Goldenrichards83
Active Member
- Messages
- 1,612
- Reaction score
- 0
This guy is growing on me.
McClain's football smarts off the chart
By Ivan Maisel ESPN.com Archive
TUSCALOOSA, Ala. -- If the Big Defensive Coordinator in the Sky wanted to sculpt the modern middle linebacker, No. 3 Alabama junior Rolando McClain just may be his prototype: He is 6-foot-4, 258 pounds, and the way his cable-like limbs are connected by a strong torso, he could be mistaken for a small forward. Senior cornerback Javier Arenas described what it's like as a tackler when McClain arrives to finish off the guy with the ball.
"You black out for a second," Arenas said, "and try to figure out what truck hit you. You see him walking away. OK, it's him."
Crimson Tide H-back Preston Dial makes room for Heisman candidate Mark Ingram. Dial knows how to open holes. It is his station in life to block McClain three days a week. He's considering an easier line of work, like being Brock Lesnar's sparring partner.
"Not only are his legs real strong," Dial said of McClain, "but he's so physical with his hands in shedding blockers. He never stays blocked. You have to stop the linebacker's charge and switch his momentum. He's so violent when he comes and meets you in the hole, all you hope for is a stalemate. Instead of the running back picking his hole,
Ro makes the decision for the running back which way he is going to go."

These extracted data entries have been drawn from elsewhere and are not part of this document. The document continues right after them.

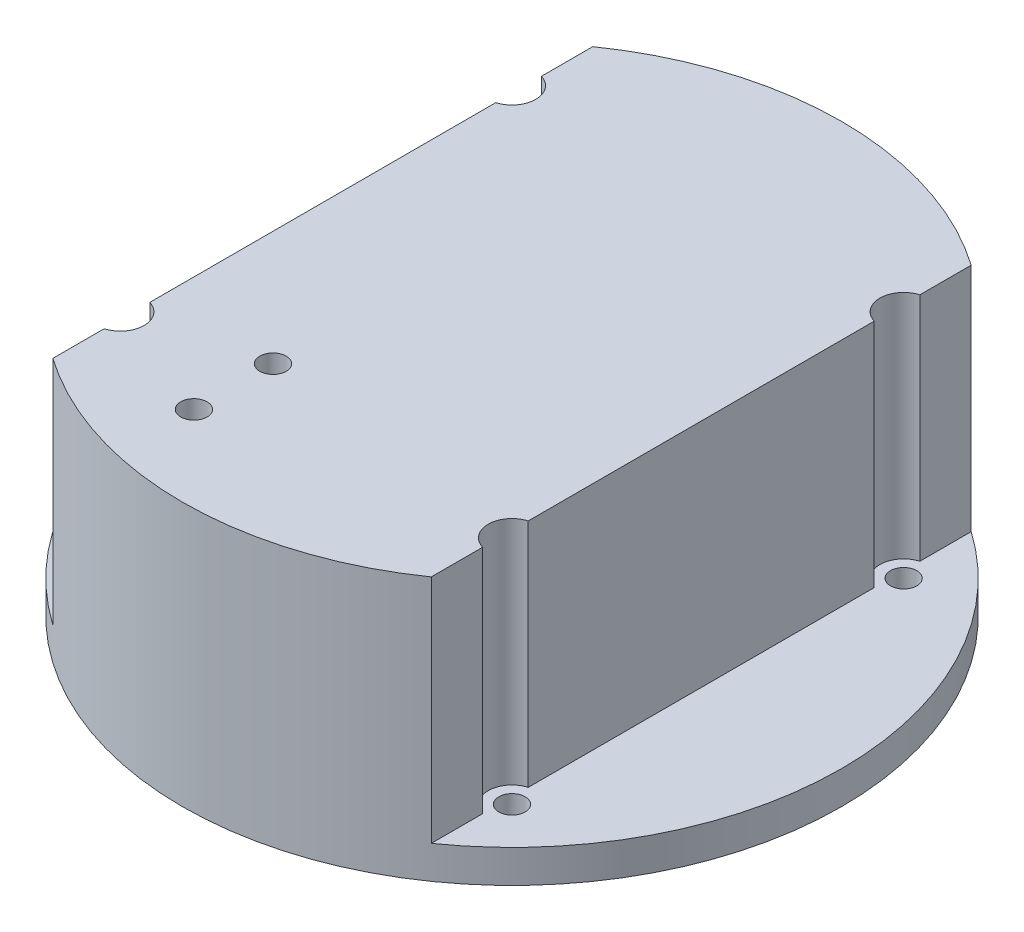
from build123d import *

# Parameters (mm, degrees)
ARA_D_ZLEM_R                = 50
BASE_DEPTH                  = 5
Y_KSEKLIK_EKSTR_ZYON2_DEPTH = 40
IZIM2_R                     = 2
BANANA_SLOTLAR_DEPTH        = 82.240384046
IZIM3_R                     = 2
IZIM3_R_2                   = 5.05
KES_EKSTR_ZYON1_DEPTH       = 5
IZIM3_2_R                   = 2
KES_EKSTR_ZYON2_DEPTH       = 82.240384046
IZIM5_R                     = 3.6
KES_EKSTR_ZYON3_DEPTH       = 79.89866919


with BuildPart() as part:
    # ara düzlem → base (new body)
    with BuildSketch(Plane(origin=(0, 0, 0), x_dir=(1, 0, 0), z_dir=(0, 1, 0))):
        Circle(ARA_D_ZLEM_R)
    extrude(amount=BASE_DEPTH)

    # Çizim1<3> → Yükseklik-Ekstrüzyon2 (add)
    with BuildSketch(Plane(origin=(0, 0, 0), x_dir=(1, 0, 0), z_dir=(0, 1, 0))):
        with BuildLine():
            ThreePointArc((28.7, 40.942764929), (0, 50), (-28.7, 40.942764929))
            Line((-28.7, 40.942764929), (-28.7, -40.942764929))
            ThreePointArc((-28.7, -40.942764929), (0, -50), (28.7, -40.942764929))
            Line((28.7, -40.942764929), (28.7, 40.942764929))
        make_face()
    extrude(amount=Y_KSEKLIK_EKSTR_ZYON2_DEPTH)

    # Çizim2 → banana slotlar (cut, through all)
    with BuildSketch(Plane(origin=(0, 40, 0), x_dir=(1, 0, 0), z_dir=(0, 1, 0))):
        with Locations((-11.3, -24.942764929)):
            Circle(IZIM2_R)
        with Locations((-11.3, -36.942764929)):
            Circle(IZIM2_R)
    extrude(amount=-BANANA_SLOTLAR_DEPTH, mode=Mode.SUBTRACT)

    # Çizim3 → Kes-Ekstrüzyon1 (cut)
    with BuildSketch(Plane.XZ):
        with Locations((-29.69848481, 29.69848481)):
            Circle(IZIM3_R)
        with Locations((29.69848481, 29.69848481)):
            Circle(IZIM3_R)
        with Locations((29.69848481, -29.69848481)):
            Circle(IZIM3_R)
        with Locations((-29.69848481, -29.69848481)):
            Circle(IZIM3_R)
        Circle(IZIM3_R_2)
    extrude(amount=-KES_EKSTR_ZYON1_DEPTH, mode=Mode.SUBTRACT)

    # Çizim3<2> → Kes-Ekstrüzyon2 (cut, through all)
    with BuildSketch(Plane.XZ):
        with Locations((-29.69848481, 29.69848481)):
            Circle(IZIM3_2_R)
        with Locations((29.69848481, 29.69848481)):
            Circle(IZIM3_2_R)
        with Locations((29.69848481, -29.69848481)):
            Circle(IZIM3_2_R)
        with Locations((-29.69848481, -29.69848481)):
            Circle(IZIM3_2_R)
    extrude(amount=-KES_EKSTR_ZYON2_DEPTH, mode=Mode.SUBTRACT)

    # Çizim5 → Kes-Ekstrüzyon3 (cut, through all)
    with BuildSketch(Plane(origin=(0, 5, 0), x_dir=(1, 0, 0), z_dir=(0, 1, 0))):
        with Locations((29.69848481, -29.69848481)):
            Circle(IZIM5_R)
        with Locations((-29.69848481, -29.69848481)):
            Circle(IZIM5_R)
        with Locations((-29.69848481, 29.69848481)):
            Circle(IZIM5_R)
        with Locations((29.69848481, 29.69848481)):
            Circle(IZIM5_R)
    extrude(amount=KES_EKSTR_ZYON3_DEPTH, mode=Mode.SUBTRACT)


solid = part.part

Yet McClain's physical skills are not the main reason he leads one of the nation's best defenses with 57 tackles. His ability to deliver a blow isn't why he's a semifinalist for the Lombardi Award.
There are moments on the practice field when McClain takes a play off. That's not to say that McClain would ever line up and not give everything he can possibly give, whether it's Saturday in Bryant-Denny Stadium against No. 9 LSU, Tuesday on the practice field or a July Wednesday in a 7-on-7 drill. McClain would take his uniform off before he would take a play off.
But there are times in practice when the coaches take McClain out of a drill to give a younger guy some work. McClain takes the play off. On those occasions, more often than not, McClain will not trot over to the sideline, grab a water bottle and chat up his teammates. McClain will walk to the middle of the field to stand alongside head coach Nick Saban.
Saban will watch the drill with his arms crossed. McClain will watch the drill with his arms crossed.
When McClain, consciously or not, adopts Saban's posture, it is physical confirmation of what everyone within Alabama football already understands. Ro McClain is Nick Saban writ large -- and fast and explosive. "Coach on the field" may be a cliché. With McClain, it fits. He may have a football-hot body but McClain is loved by his coaches and his teammates for his mind.
"It's unbelievable how much he understands the game," fellow linebacker Cory Reamer said. "The second part is how well he knows the defense. He really knows what Coach would like to go to in the situations we get it and he really does a good job communicating it."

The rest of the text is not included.